Common concerns$-------
The experimental section of this paper is indeed short. However, the intention of the paper was not to present a better performing mixed membership model, but to provide a theoretical framework for modelling with hierarchical CRMs. Different choices for the base and object specific CRMs will result in different sampling equations, and thereby different perplexity results. We intend to perform a thorough study of how the choice of Poisson intensity measure affects performance in the future.
We tested with a uniform prior on the discount parameter but found that the resultant model to be quite unstable. We will include the results in the final draft with non-uniform beta distributions for the discount parameter.
As suggested, we will add the results for $p_j!=.5$ in the final draft. We aren't aware how the resultant model will compare against the models that we have experimented with.
The minor corrections pointed out by the reviewers will be incorporated in the final draft.
Assigned Reviewer 1
-----
Thanks for the detailed positive review.
As suggested, the sampling schemes for various CRMs will be added in the final draft. The dish sampling equations in the CRF scheme for SGGP (and hence GGP, which is a special case) are already provided in the experiments. Except for the case of sampling a new table, the equations for dish and table sampling for gamma-gamma CRM will be exactly the same as HDP.
GGMs and SGGMs can model the power law growth of the number of topics. The improved performance of these models suggest that the number of topics in NIPS corpus follow power-law. Indeed the number of topics discovered by GGM was as high as 130 as compared to only 45-50 topics discovered by Gamma process. A graph of the same with respect to training percentage and for various choices of the discount parameter will be added in the final draft.
Thanks for pointing out the missing $k!$ term.
Thanks for pointing out the related works. We weren't aware of the JASA submission. The equations match up to a combinatorial constant for the case of gamma-Poisson process. We will add the citations to the mentioned papers at the appropriate places.
Assigned Reviewer 2
----
Thaks for the review.
A Poisson proceess with finite mean measure $\mu$ can be sampled by sampling the number of (non-distinct) points to be sampled from a Poisson distribution with mean $\mu(S)$, say n, and then sampling n points indepndently from the normalized finite mean measure. The lines 842-844 consist of a product of product, whereby the first product corresponds to the fact that there are $n$ conditionally independent Poisson processes, whereas the second corresponds to the fact that points in a Poisson process are independent conditioned on the number of points present in the process.

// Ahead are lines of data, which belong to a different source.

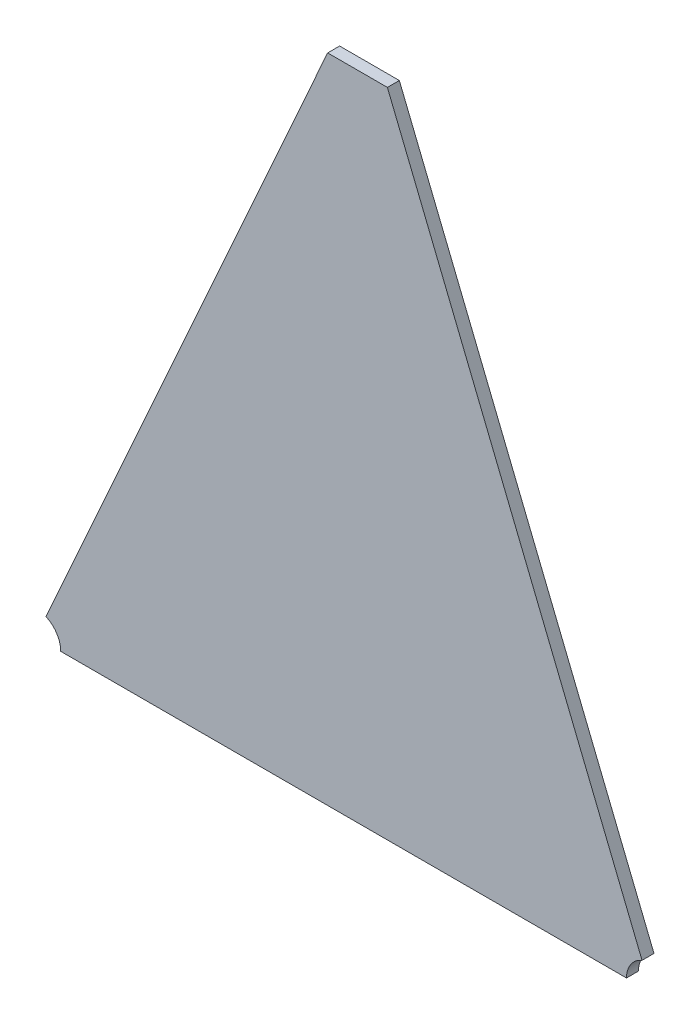
SolidWorks part; units mm, degrees
ref_plane "Front Plane" through (0, 0, 0) normal (0, 0, 1) x (1, 0, 0)
ref_plane "Top Plane" through (0, 0, 0) normal (0, 1, 0) x (1, 0, 0)
ref_plane "Right Plane" through (0, 0, 0) normal (1, 0, 0) x (0, 0, -1)
sketch "Sketch2" plane through (0, 0, 0) normal (0, 0, 1) x (1, 0, 0)
  line L0 (-189.7401, 245.3834) -> (-375.9085, -170.4146)
  line L1 (-375.9085, -170.4146) -> (16.7755, -170.4146)
  line L2 (16.7755, -170.4146) -> (-151.6401, 245.3834)
  line L4 (-189.7401, 245.3834) -> (-151.6401, 245.3834)
  dimension "D1" = 415.798
  dimension "D2" = 415.798
  dimension "D3" = 67.95
  dimension "D4" = 38.1
  dimension "D5" = 392.684
extrude "Boss-Extrude1" add sketch "Sketch2" along normal blind 7.62 contours L0 L1 L2 L4
sketch "Sketch5" plane through (0, 0, 0) normal (0, 0, -1) x (-1, 0, 0)
  circle A0 centre (375.9085, -170.4146) radius 15.875
  dimension "D1" = 31.75
extrude "Cut-Extrude2" cut sketch "Sketch5" against normal blind 50.8
sketch "Sketch6" plane through (0, 0, 0) normal (0, 0, -1) x (-1, 0, 0)
  circle A0 centre (-16.7755, -170.4146) radius 15.875
  dimension "D1" = 31.75
extrude "Cut-Extrude3" cut sketch "Sketch6" against normal blind 50.8 contours A0
ref_plane "Plane1" through (-360.0335, -170.4146, 0) normal (1, 0, 0) x (0, 0, -1)
sketch "Sketch8" plane through (0, 0, 0) normal (0, 0, -1) x (-1, 0, 0)
  line L0 (254.9716, -43.4146) -> (147.0216, -43.4146) construction
  line L1 (360.0335, -170.4146) -> (-0.9005, -170.4146) construction
  line L2 (254.9716, -170.4146) -> (254.9716, 97.7332) construction
  line L3 (254.9716, -43.4146) -> (254.9716, -170.4146) construction
  line L4 (147.0216, -43.4146) -> (147.0216, -170.4146) construction
  line L5 (147.0216, -170.4146) -> (183.5239, -170.4146) construction
  line L6 (183.5239, -170.4146) -> (183.5239, -105.3906) construction
  line L7 (170.6901, 245.3834) -> (179.5665, -170.4146) construction
  line L8 (189.7401, 245.3834) -> (151.6401, 245.3834) construction
  line L9 (183.5239, -105.3906) -> (218.4489, -105.3906) construction
  line L10 (218.4489, -105.3906) -> (218.4489, -170.4146) construction
  line L11 (218.4489, -170.4146) -> (218.4489, -105.3906)
  line L12 (218.4489, -105.3906) -> (183.5239, -105.3906)
  line L13 (183.5239, -105.3906) -> (183.5239, -170.4146)
  line L14 (153.8492, -170.4146) -> (153.8492, -48.647) construction
  dimension "D1" = 268.1478
  dimension "D2" = 107.95
  dimension "D3" = 127
  dimension "D4" = 36.5023
  dimension "D5" = 65.024
  dimension "D6" = 34.925
  dimension "D7" = 121.7676

Summing up the probabilities to get the marginal distribution of counts is a standard way to obtain the EPPF for normalized nonparametric measures. The proof is quite similar to the proof in Section 9.5 of Poisson processes by Kingman.
Since the number of words in each document is fixed, the CRF sampling scheme for HDP is exactly similar to Gamma-Gamma-Poisson sampling scheme if we assume a gamma distribution on the $\alpha$ parameter of HDP (see section 3.1 of Augment and Conquer NBP by Zhou et al.). In general, however, modelling with normalized CRMs for arbitrary CRMs is quite chalenging. Only by assuming a CRM-specific prior on the number of points in each object (for instance, negative binomial for gamma-Poisson), can we obtain the form derived in Theorem 2.
94% of the documents in NIPS corpus were used for training in (Asuncion et. al.). Our training fraction however varied from 30% to 70%. Moreover, the dataset used by us had 13,649 unique words as opposed to 12,419 in the mentioned paper. Although we didin't do a thorough hyperparameter search, SGGP was able to achieve a perplexity of ~1510 using exactly the same setting as in (Asuncion et. al.) for the dataset used in our paper. Hyperparameter learning must improve these results. We will add these results in the final draft.
Lastly, we would like to stress that there is absolutely no doubt about the correctness of the derived sampling schemes. As has been noted by reviewer 1, the theorems mimic the results derived for specific choice of CRMs, such as gamma-Poisson.
Assigned Reviewer 3
------
Thanks for the positive review.
In order to incorporate the unnormalized Pitman-Yor process one needs to introduce CRMs whose intensity measure is random, that is, $\nu(\dx, \dz) = L\rho(dz)\mu(dx)$, and $L$ is a random variable. When $\rho$ is the intensity measure of GGP and $L$ is gamma distributed, the corresponding normalized CRM is PY process. While it is straightforward to derive the results for sampling from such models, the resultant notations become too cumbersome. Hence, we had to remove the section on such models from our draft.